Unlike the responsible Maricel, Charlize was carefree and easygoing, a New York University student who texted her boyfriend almost continuously. In fact, she was always doing more than one thing at the same time. Even her hair couldn't seem to decide on one particular color. She was tall, with long hair that she dyed fabulous
shades of blond and blonder, until it seemed white. Then she would return to some dark brown color and start all over again, bleaching, dying, making her hair a different shade of fabulous every week.

Brid liked Charlize because she French-braided Brid's hair while she quizzed her on spelling; CJ liked her because she mostly left him alone to study in the fire stairwell; and Patrick liked her because she didn't mind throwing a football back and forth while she helped him memorize math facts.

Charlize was also uninhibited enough to say things the way she saw them and to not worry what people thought of her. One Thursday night at the end of September was no different. “Why don't you kids have any friends?” she asked as Patrick hurled balls at her in the homework room. Brid sat nearby at her desk, admiring Charlize's hair, which that week hovered between chestnut and gold. “Seven plus seven.”

“We have friends. Fourteen,” said Patrick.

“I know
you
do,” she said as she aimed at him again. “Six plus eight. It's your brother and sister I'm talking about.”

“Fourteen.”

“We have friends,” Brid interjected. “They just live in Brooklyn.”

“Geez, you're picky. You only accept friends from one borough? Six plus nine.”

“Fifteen. Yeah, they say no to playdates all the time,” accused Patrick.

“We're too old for playdates,” said Brid, rolling her eyes at Patrick.

“So call it something else; call it hanging out with your friends,” said Charlize, throwing the ball down the hall and into Patrick's room, to signal him it was time to get ready for bed. “But eventually you guys have to get a life.”

CJ could hear this whole conversation from where he sat at the top of the stairwell, but he was in his private place, the place Eloise said every city person needed, and not about to join in. Since that afternoon in the castle, he was vigilant about doing his homework in the fire stairwell, a sort of indoor fire escape at the back of the apartment. He was hoping for another chance to talk to Eloise. He couldn't understand why she was so dismissive of them. As soon as they had handed her the poetry book, she had turned cold and distant. CJ needed to know why. But three weeks later, he still hadn't seen her again.

CJ thought that Charlize was wrong about one thing. They did have a life; it was just a secret one. At that moment, his thoughts were interrupted by the click of a door being unlocked. It was her door, one flight of stairs down. Should he run down and say hello? Should he sit still and make sure it was, in fact, Eloise? It was probably
Annika, her maid, taking the garbage out. He heard the door close.

Wow, he thought to himself, that garbage was thrown out in record time. But then he heard breathing, a large exhale. The person hadn't gone back in. Whoever it was was standing, listening for something. CJ didn't dare move a muscle. He looked at his homework papers spread around him. One looked as if it was about to slip off the stair below him. He stared at it, silently begging the piece of paper to hold still. And then he heard a man speak, a mysterious, gravelly voice:

“So what do you have for me?”

“I don't have anything for you,” said a woman. Eloise.

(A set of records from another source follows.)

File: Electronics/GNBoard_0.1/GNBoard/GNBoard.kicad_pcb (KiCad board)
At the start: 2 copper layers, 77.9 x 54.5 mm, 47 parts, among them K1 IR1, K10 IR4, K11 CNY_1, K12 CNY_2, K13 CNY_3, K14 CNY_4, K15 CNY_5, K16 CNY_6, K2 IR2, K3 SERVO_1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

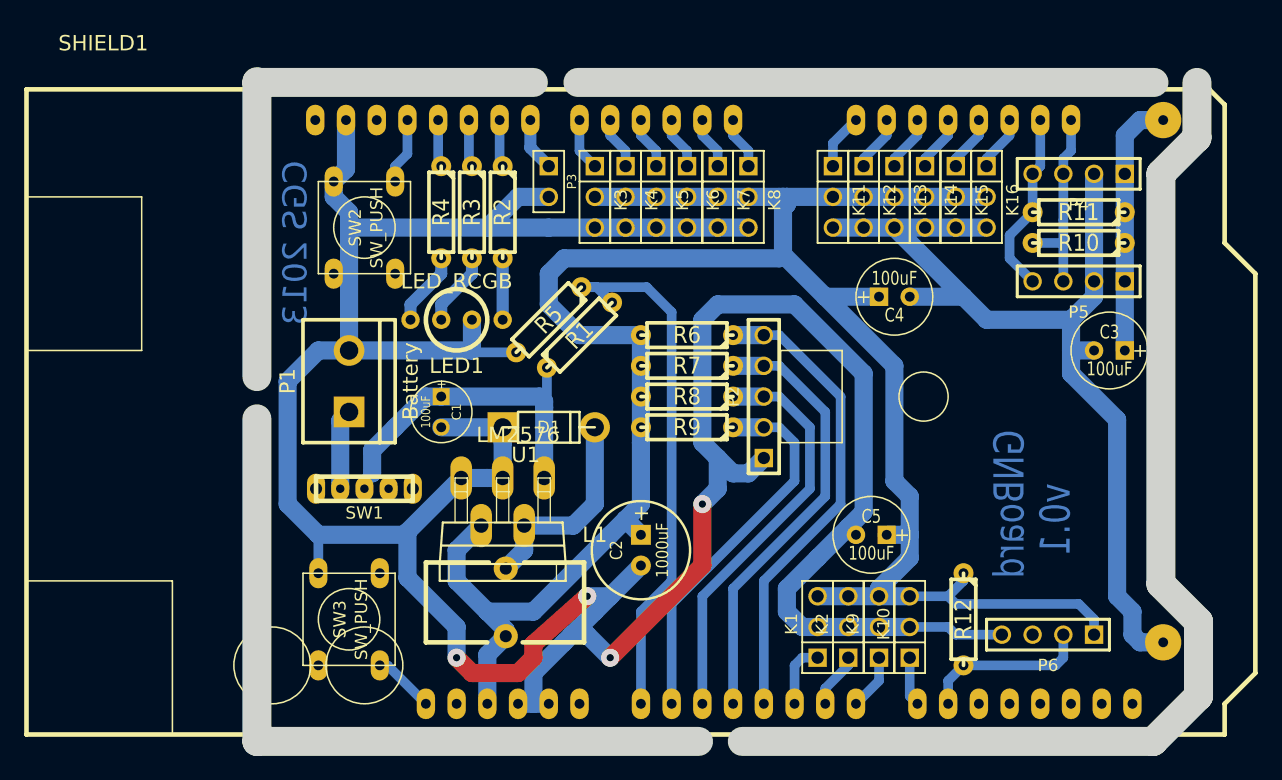
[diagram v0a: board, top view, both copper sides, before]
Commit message: Updated value of the resistors for the battery voltage monitor
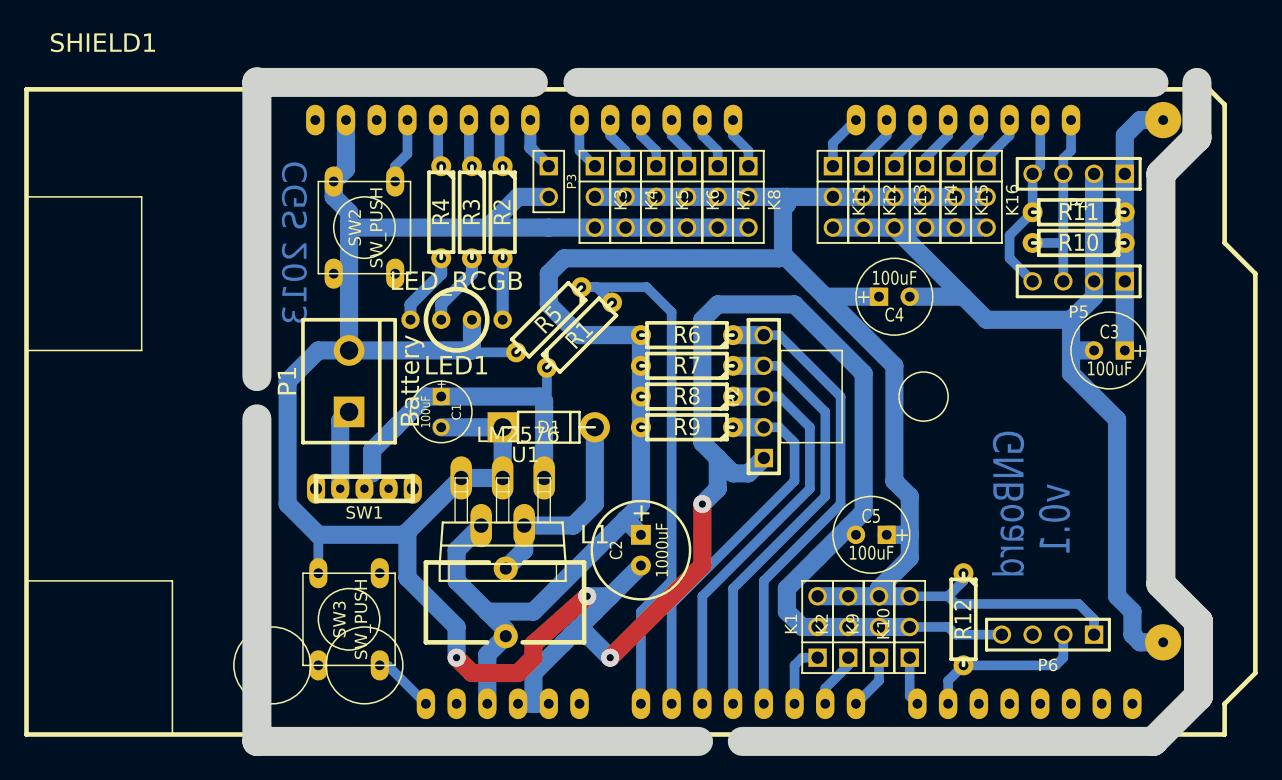
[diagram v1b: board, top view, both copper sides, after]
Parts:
- R1: value 6k8 -> 22k
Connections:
- P6 pad 3: N-0000082 -> (no net)
- SHIELD1 pad 13: N-0000067 -> (no net)
- SHIELD1 pad 3V3: N-0000040 -> (no net)
- SHIELD1 pad AD10: N-0000041 -> (no net)
- SHIELD1 pad AD11: N-0000039 -> (no net)
- SHIELD1 pad AD12: N-0000042 -> (no net)
- SHIELD1 pad AD13: N-0000043 -> (no net)
- SHIELD1 pad AD14: N-0000044 -> (no net)
- SHIELD1 pad AD15: N-0000045 -> (no net)
- SHIELD1 pad AREF: N-0000037 -> (no net)
- SHIELD1 pad V_IN: N-0000038 -> (no net)
- SW1 pad 3: N-0000046 -> (no net)

“I just wish you would share with me. We should work together.”

“How many years are you going to keep at this?” Eloise asked the man. “How long?”

“Eloise, I think you underestimate me. I cannot rest until I have solved this and gotten what is mine.”

“How on earth can you believe it's yours?”

“I keep telling you, these two things are together. You get your inheritance, and I clear Mr. Torrio's name. When one is found, the other will be, too.”

“You mean your hoodlum father's name? Why on earth do you care about him?”

“Because he wasn't a hoodlum, and I can prove that to you, once you find your inheritance. Tell me about those
kids. I know they are on to something, even though they just keep finding the same old clues we found years ago.”

“Those children don't know anything, and you must leave them alone.”

“I wish for once you would trust me; I wish we could work together.”

Bang!
At the sound of something being thrown against the wall, CJ leaped to his feet. “Sorry,” the man said. “I am just so frustrated!”

“Calm yourself,” said Eloise. “Throwing garbage pails against the wall will get you nowhere. Whatever was here must have been taken away many years ago. Sometimes I think we have wasted our lives by staying here. I know I have, and I can't imagine why you still live here, with far less to gain than I.”

CJ sucked in his breath. He wanted to run, but his legs were shivering.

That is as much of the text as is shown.